Category Archives: Uncategorized

Runtime support for approximate computing in heterogeneous systems

Recently I just finished my MSc Thesis, titled “Runtime support for approximate computing in heterogeneous systems”. I developed a run-time system in C programming language that supports approximate  computations using OpenCL. You can download my thesis here.

Source code will be available in a few weeks.

Abstract

Energy efficiency is the most important aspect in nowadays systems, ranging from embedded devices to high performance computers. However, the end of Dennard scaling limits expectations for energy efficiency improvements in future devices, despite manufacturing processors in lower geometries and lowering supply voltage. Many recent systems use a wide range of power managing techniques, such as DFS and DVFS, in order to balance the demanding needs for higher performance/throughput with the impact of aggressive power consumption and negative thermal effects. However these techniques have their limitations when it comes to CPU intensive workloads.

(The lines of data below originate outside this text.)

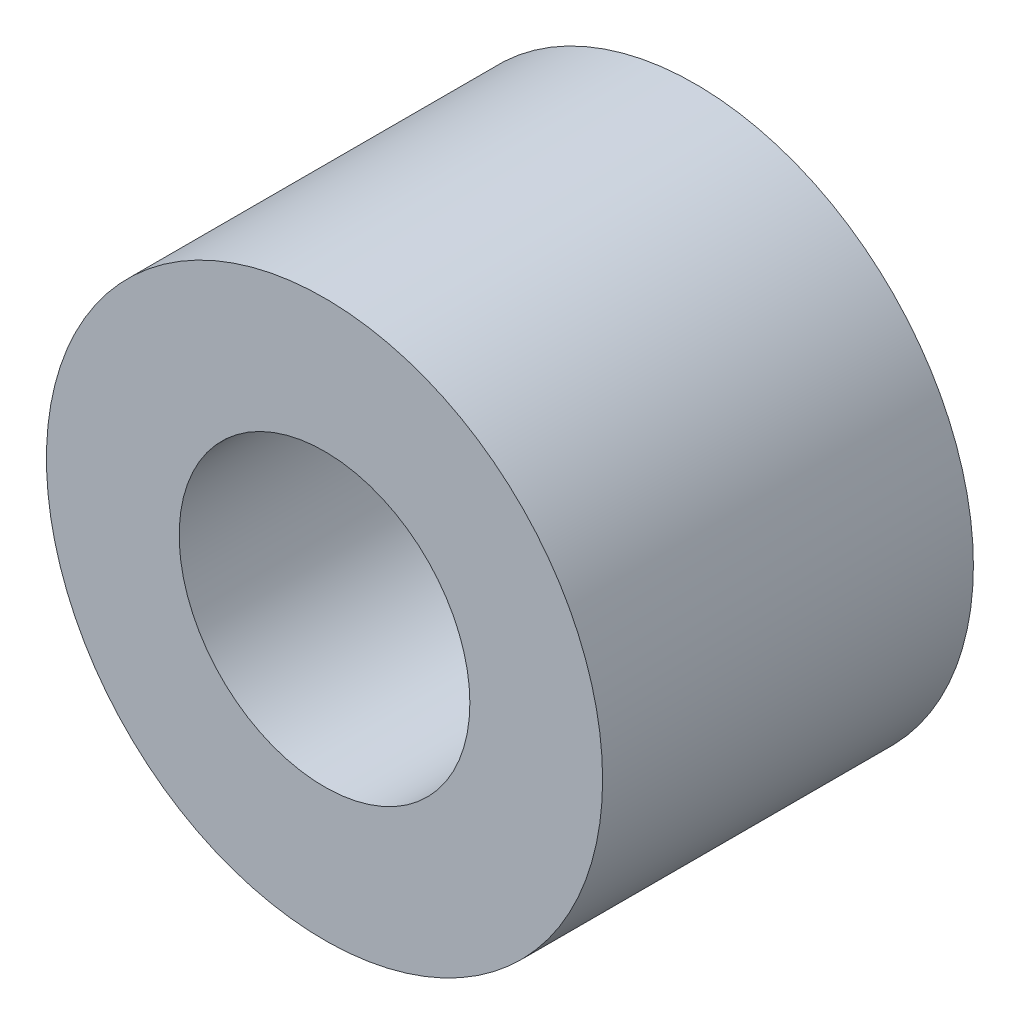
SolidWorks part; units mm, degrees
material "6061-T6 (SS)"
ref_plane "Front Plane" through (0, 0, 0) normal (0, 0, 1) x (1, 0, 0)
ref_plane "Top Plane" through (0, 0, 0) normal (0, 1, 0) x (1, 0, 0)
ref_plane "Right Plane" through (0, 0, 0) normal (1, 0, 0) x (0, 0, -1)
sketch "Sketch1" plane through (0, 0, 0) normal (0, 0, 1) x (1, 0, 0)
  circle A0 centre (0, 0) radius 2.4892
  circle A1 centre (0, 0) radius 4.7625
  dimension "D1" = 4.9784
  dimension "D2" = 9.525
extrude "Boss-Extrude1" add sketch "Sketch1" along normal mid plane 6.35

Heterogeneous systems appeared as a promising alternative to multicores and multiprocessors. They offer unprecedented performance
and energy efficiency for certain classes of workloads, however at significantly increased development effort: programmers have to spend significant effort reasoning on code mapping and optimization, synchronization, and data transfers among different devices and address
spaces. One contributing factor to the energy footprint of current software is that all parts of the program are considered equally important for the quality of the final result, thus all are executed at full accuracy. Some application domains, such as big-data, video and image processing etc., are amenable to approximations, meaning that some portions of the application can be executed with less accuracy, without having a big impact on the output result.

In this MSc thesis we designed and implemented a runtime system, which serves as the back-end for the compilation and profiling infrastructure of a task-based meta-programming model on top of OpenCL. We give the opportunity to the programmer to provide approximate functions that require less energy and also give her the freedom to express the relative  importance of different computations for the quality of the output, thus facilitating the dynamic exploration of energy / quality trade-offs in a disciplined way. Also we simplify the development of parallel algorithms on heterogeneous systems, relieving the programmer from tasks such as work scheduling and data manipulation across address spaces. We evaluate our approach using a number of real-world applications, from domains such as finance, computer vision, iterative equation solvers and computer simulation.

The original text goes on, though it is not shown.